Screenshot showing the deployed architecture

Prerequisites

  • Clone the Azure Arc Jumpstart repository

    git clone https://github.com/microsoft/azure_arc.git
    
  • Install or update Azure CLI to version 2.36.0 and above. Use the below command to check your current installed version.

    az --version
    
  • Generate SSH Key (or use existing ssh key).

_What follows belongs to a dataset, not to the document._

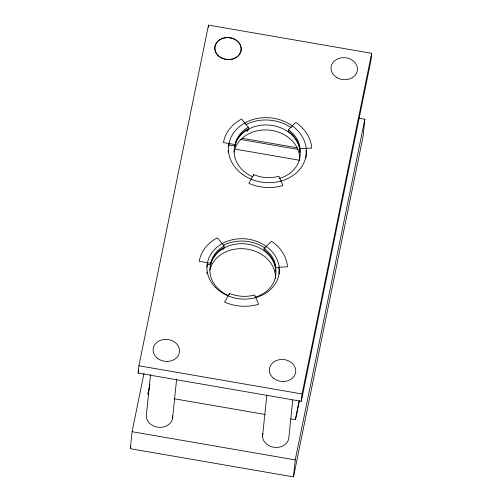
<?xml version="1.0" encoding="UTF-8"?>
<svg xmlns="http://www.w3.org/2000/svg" width="502" height="502" viewBox="0 0 502 502"><rect width="100%" height="100%" fill="white"/><g stroke="black" fill="none" stroke-linecap="round" stroke-linejoin="round"><path stroke-width="0.75" d="M210.583 264.767C211.951 257.714 216.845 251.527 223.083 248.013L222.932 249.45L223.81 248.86L224.112 245.955L217.347 237.81C208.33 242.391 200.831 251.169 199.225 261.31L210.733 263.305L210.583 264.767L207.514 264.24M210.733 263.305C212.139 255.838 217.548 249.582 224.112 245.955M234.848 146.032C236.21 139.035 241.029 132.867 247.21 129.365L247.003 131.355L248.019 130.671L248.377 127.219L241.613 119.068C232.595 123.649 225.097 132.434 223.49 142.574L234.999 144.563L234.848 146.032L228.711 144.971M234.999 144.563C236.404 137.102 241.813 130.846 248.377 127.219M358.704 118.171L364.86 119.238L363.103 136.23L293.482 476.9L130.325 448.694L132.082 431.701L143.999 373.388M138.138 373.093L138.897 365.77L208.518 25.1L371.675 53.306L370.915 60.629L301.294 401.299L138.138 373.093L138.765 370.024M150.569 374.517L146.477 414.068A13.24 11 5.9 0 0 159.027 427.321A13.24 11 5.9 0 0 172.669 415.706M208.292 27.296L208.518 25.1M172.544 418.58L176.629 379.023M229.32 294.762L229.464 293.394C237.371 296.644 246.382 297.316 254.608 294.963L258.674 304.218C247.624 307.607 235.156 306.785 224.601 302.091L229.464 293.394M253.592 175.938L253.73 174.652C261.636 177.909 270.647 178.58 278.874 176.227L282.94 185.476C271.889 188.871 259.421 188.043 248.867 183.349L253.73 174.652M264.115 248.452L263.958 249.921C270.779 254.671 276.075 262.69 275.491 271.174C277.091 262.176 271.143 253.479 264.115 248.452L271.557 241.192C280.103 246.877 286.767 256.428 287.508 266.826L275.88 267.371M288.38 129.717L288.23 131.185C295.05 135.935 300.34 143.955 299.757 152.445C301.363 143.44 295.414 134.743 288.38 129.717L295.822 122.457C304.369 128.142 311.033 137.692 311.773 148.084L300.152 148.63M262.54 436.326L266.788 395.218M292.729 400.056L288.964 436.514A13.24 11 5.9 0 1 274.418 447.338A13.24 11 5.9 0 1 262.891 433.477M293.482 476.9L295.239 459.907L364.86 119.238M301.294 401.299L302.053 393.976L371.675 53.306M130.325 448.694L130.79 446.435M147.845 394.189L149.885 384.225M148.008 394.12L148.95 389.521M299.28 400.527L295.358 419.691L290.727 418.894M295.521 419.628L299.28 401.223M242.516 138.32L297.353 147.795M240.05 139.38L297.975 149.395M234.992 149.094L299.782 160.301M138.897 365.77L302.053 393.976M174.106 398.732L265.238 414.489M132.082 431.701L295.239 459.907M252.443 176.704A33.094 27.503 5.9 0 1 242.077 133.802A33.094 27.503 5.9 0 1 294.128 137.435A33.094 27.503 5.9 0 1 279.156 178.568M228.203 152.2A39.056 32.454 5.9 0 1 228.19 150.644M228.699 146.044A39.056 32.454 5.9 0 1 229.037 144.538M245.704 124.697A39.056 32.454 5.9 0 1 291.26 127.715M305.969 150.512A39.056 32.454 5.9 0 1 305.793 158.23M234.026 152.144A33.094 27.503 5.9 0 1 269.7 130.162A33.094 27.503 5.9 0 1 299.688 159.285M209.905 270.183A33.094 27.503 5.9 0 1 246.281 248.998A33.094 27.503 5.9 0 1 275.391 278.729M228.266 295.477A33.094 27.503 5.9 0 1 217.749 252.6A33.094 27.503 5.9 0 1 269.806 256.102A33.094 27.503 5.9 0 1 254.978 297.278M206.937 273.49A36.263 30.133 5.9 0 1 206.786 272.046M206.899 267.033A36.263 30.133 5.9 0 1 207.59 263.5M223.189 245.315A36.263 30.133 5.9 0 1 265.313 248.252M278.648 267.585A36.263 30.133 5.9 0 1 279.056 274.054M336.371 77.283A13.24 11 5.9 0 0 357.374 70.355A13.24 11 5.9 0 0 338.988 58.401A13.24 11 5.9 0 0 336.371 77.283M219.625 56.757A13.159 10.937 5.9 0 0 240.96 50.827A13.159 10.937 5.9 0 0 223.428 38.171A13.159 10.937 5.9 0 0 219.625 56.757M273.502 378.219A13.24 11 5.9 0 0 295.427 373.432A13.24 11 5.9 0 0 278.767 359.815A13.24 11 5.9 0 0 273.502 378.219M157.898 358.616A13.24 11 5.9 0 0 179.358 352.649A13.24 11 5.9 0 0 161.719 339.923A13.24 11 5.9 0 0 157.898 358.616M242.723 174.539A39.056 32.454 5.9 0 0 305.894 156.643A39.056 32.454 5.9 0 0 253.629 119.325A39.056 32.454 5.9 0 0 242.723 174.539M218.533 55.967A13.24 11 5.9 0 0 240.722 51.988A13.24 11 5.9 0 0 224.758 37.801A13.24 11 5.9 0 0 218.533 55.967M215.628 287.633A36.263 30.133 5.9 0 0 277.273 280.066A36.263 30.133 5.9 0 0 236.555 239.021A36.263 30.133 5.9 0 0 215.628 287.633"/></g></svg>

  • Create Azure service principal (SP). To deploy this scenario, an Azure service principal assigned with multiple RBAC roles is required:

    • “Contributor” - Required for provisioning Azure resources

    • “Security admin” - Required for installing Cloud Defender Azure-Arc enabled Kubernetes extension and dismiss alerts

    • “Security reader” - Required for being able to view Azure-Arc enabled Kubernetes Cloud Defender extension findings

    • “Monitoring Metrics Publisher” - Required for being Azure Arc-enabled data services billing, monitoring metrics, and logs management

      To create it login to your Azure account run the below command (this can also be done in Azure Cloud Shell.

      az login
      subscriptionId=$(az account show --query id --output tsv)
      az ad sp create-for-rbac -n "<Unique SP Name>" --role "Contributor" --scopes /subscriptions/$subscriptionId
      az ad sp create-for-rbac -n "<Unique SP Name>" --role "Security admin" --scopes /subscriptions/$subscriptionId
      az ad sp create-for-rbac -n "<Unique SP Name>" --role "Security reader" --scopes /subscriptions/$subscriptionId
      az ad sp create-for-rbac -n "<Unique SP Name>" --role "Monitoring Metrics Publisher" --scopes /subscriptions/$subscriptionId
      

      For example:

      az login
      subscriptionId=$(az account show --query id --output tsv)
      az ad sp create-for-rbac -n "JumpstartArcDataSvc" --role "Contributor" --scopes /subscriptions/$subscriptionId
      az ad sp create-for-rbac -n "JumpstartArcDataSvc" --role "Security admin" --scopes /subscriptions/$subscriptionId
      az ad sp create-for-rbac -n "JumpstartArcDataSvc" --role "Security reader" --scopes /subscriptions/$subscriptionId
      az ad sp create-for-rbac -n "JumpstartArcDataSvc" --role "Monitoring Metrics Publisher" --scopes /subscriptions/$subscriptionId
      

      Output should look like this:

      {
      "appId": "XXXXXXXXXXXXXXXXXXXXXXXXXXXX",
      "displayName": "JumpstartArcDataSvc",
      "password": "XXXXXXXXXXXXXXXXXXXXXXXXXXXX",
      "tenant": "XXXXXXXXXXXXXXXXXXXXXXXXXXXX"
      }
      

      NOTE: If you create multiple subsequent role assignments on the same service principal, your client secret (password) will be destroyed and recreated each time. Therefore, make sure you grab the correct password.

      NOTE: The Jumpstart scenarios are designed with as much ease of use in-mind and adhering to security-related best practices whenever possible. It is optional but highly recommended to scope the service principal to a specific Azure subscription and resource group as well considering using a less privileged service principal account

Automation Flow

For you to get familiar with the automation and deployment flow, below is an explanation.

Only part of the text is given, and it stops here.